I might have overlooked something, but I could not find any information on what the maximum concentration of sodium deoxycholate in my buffer can be for StrepTagII-Streptavidin purification.
In my sample, I have 1% DOC and I cannot dilute it out because this will facilitate protein aggregation.
Does anyone have experience with this?
I might be able to replace the DOC with SDS or NP40 if DOC has to be lowered.
Thank you!
Hello,
I don't know much about DOC or NP40, but you may have a look at this:
http://www.iba-lifesciences.com/tl_files/uploads/bilder/produkte/streptag/Downloads/Reagents%20compatible%20with%20Strep-tag.pdf
I think that if you want to use DOC, you may try and see what happens, or you can contact the technical support of IBA, they usually answer quite fast!
Hi Simone,
thank you for your answer. I already had this list, but I might try contacting the support. And also just give it a shot with the 1% DOC I have as well!

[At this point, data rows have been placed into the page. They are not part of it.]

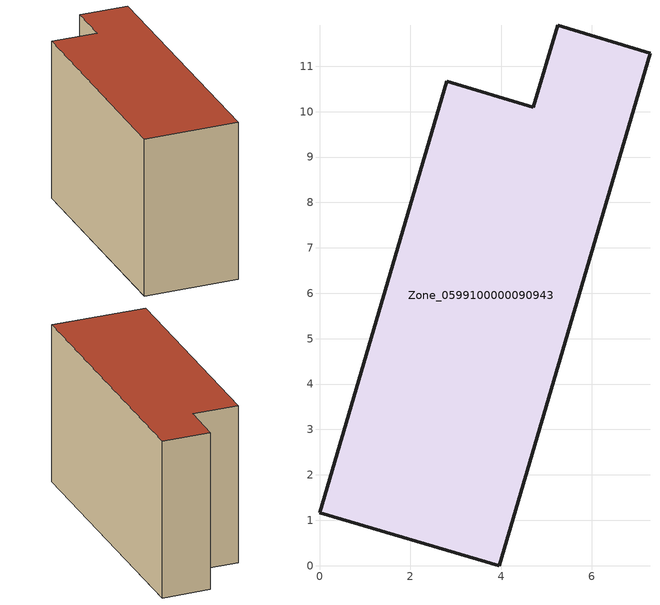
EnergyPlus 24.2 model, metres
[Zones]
Zone_0599100000090943
 floor ground (C_G): 0,1.17 2.8,10.67 4.71,10.1 5.25,11.9 7.28,11.29 3.96,0 z0
 wall outside (C_F): 2.8,10.67 0,1.17 3.96,0 7.28,11.29 5.25,11.9 4.71,10.1 2.8,10.67 z0:7.08
 roof outside (C_R): 7.28,11.29 5.25,11.9 4.71,10.1 2.8,10.67 0,1.17 3.96,0 z7.08
[BUILDING]
Pand.0599100000090943: North Axis=0; Terrain=City; Loads Convergence Tolerance Value=0.04; Temperature Convergence Tolerance Value=0.4; Solar Distribution=FullExterior; Maximum Number of Warmup Days=25; Minimum Number of Warmup Days=1
[Site:Location]
Rotterdam.The.Hague.AP_ZH_NLD Design_Conditions: Latitude=51.96; Longitude=4.45; Time Zone=1; Elevation=-4.5
[SITE:GROUNDTEMPERATURE:BUILDINGSURFACE]
18, 18, 18, 18, 18, 18, 18, 18, 18, 18, 18, 18
[MATERIAL] Thermal Absorptance=0.9; Solar Absorptance=0.7; Visible Absorptance=0.7
Name | Roughness | Thickness | Conductivity | Density | Specific Heat
G.TI.1946 | MediumSmooth | 0.15 | 1 | 540 | 1210
F.TI.1946 | Rough | 0.3 | 0.857143 | 1920 | 840
R.TI.1946 | MediumRough | 0.2 | 0.1 | 1500 | 1000
[CONSTRUCTION]
C_G: G.TI.1946
C_F: F.TI.1946
C_R: R.TI.1946
[ZONE]
Zone_0599100000090943: Type=1; Multiplier=1; Ceiling Height=Autocalculate; Volume=Autocalculate; Floor Area=autocalculate; Part of Total Floor Area=Yes
[ZONEINFILTRATION:DESIGNFLOWRATE]
Infil_Zone_0599100000090943: Zone or ZoneList or Space or SpaceList=Zone_0599100000090943; Schedule=AlwaysOn; Design Flow Rate Calculation Method=Flow/Area; Flow Rate per Floor Area=0.003; Constant Term Coefficient=1; Temperature Term Coefficient=0; Velocity Term Coefficient=0; Velocity Squared Term Coefficient=0
[HVACTEMPLATE:ZONE:IDEALLOADSAIRSYSTEM]
Zone_0599100000090943: Maximum Heating Supply Air Temperature=50; Minimum Cooling Supply Air Temperature=13; Maximum Heating Supply Air Humidity Ratio=0.0156; Minimum Cooling Supply Air Humidity Ratio=0.0077; Heating Limit=NoLimit; Cooling Limit=NoLimit; Dehumidification Control Type=ConstantSensibleHeatRatio; Cooling Sensible Heat Ratio=0.7; Dehumidification Setpoint=60; Humidification Control Type=None; Humidification Setpoint=30; Outdoor Air Method=None; Outdoor Air Flow Rate per Person=0.00944; Outdoor Air Flow Rate per Zone Floor Area=0; Outdoor Air Flow Rate per Zone=0; Demand Controlled Ventilation Type=None; Outdoor Air Economizer Type=NoEconomizer; Heat Recovery Type=None; Sensible Heat Recovery Effectiveness=0.7; Latent Heat Recovery Effectiveness=0.65
[ZONECONTROL:THERMOSTAT]
ThermostatControl_Zone_0599100000090943: Zone or ZoneList=Zone_0599100000090943; Control Type Schedule=DualSetpointControlType; Control 1=Thermostat_Zone_0599100000090943; Temperature Difference Between Cutout And Setpoint=0
[THERMOSTATSETPOINT:DUALSETPOINT]
Thermostat_Zone_0599100000090943: Heating Setpoint Temperature Schedule=HeatingSetpoint_Zone_0599100000090943; Cooling Setpoint Temperature Schedule=CoolingSetpoint_Zone_0599100000090943
[SCHEDULE:COMPACT]
HeatingSetpoint_Zone_0599100000090943: Through: 12/31, For: AllDays, Until: 24:00, 21
CoolingSetpoint_Zone_0599100000090943: Through: 12/31, For: AllDays, Until: 24:00, 24
DualSetpointControlType: Through: 12/31, For: AllDays, Until: 24:00, 4
AlwaysOn: Through: 12/31, For: AllDays, Until: 24:00, 1

Hi Chiara, is there a reason why you need to use streptavidin rather than StrepTactin? Can you also increase the salt concentration to keep your protein soluble (or add proline) rather than use DOC?
Anyway, the IBA list includes a number of ionic detergents, including SDS. Perhaps begin by determining the relative molecular weight of SDS to that of DOC, as well as the charge relative to that of DOC, to estimate how high a DOC concentration (% w/v) you might be able to use.
Nonidet P40 and NP-40 (nonylphenoxypolyethoxyethanol), unlike DOC, are both non-ionic detergents so I don't think they will work well as a substitute if you are depending on DOC.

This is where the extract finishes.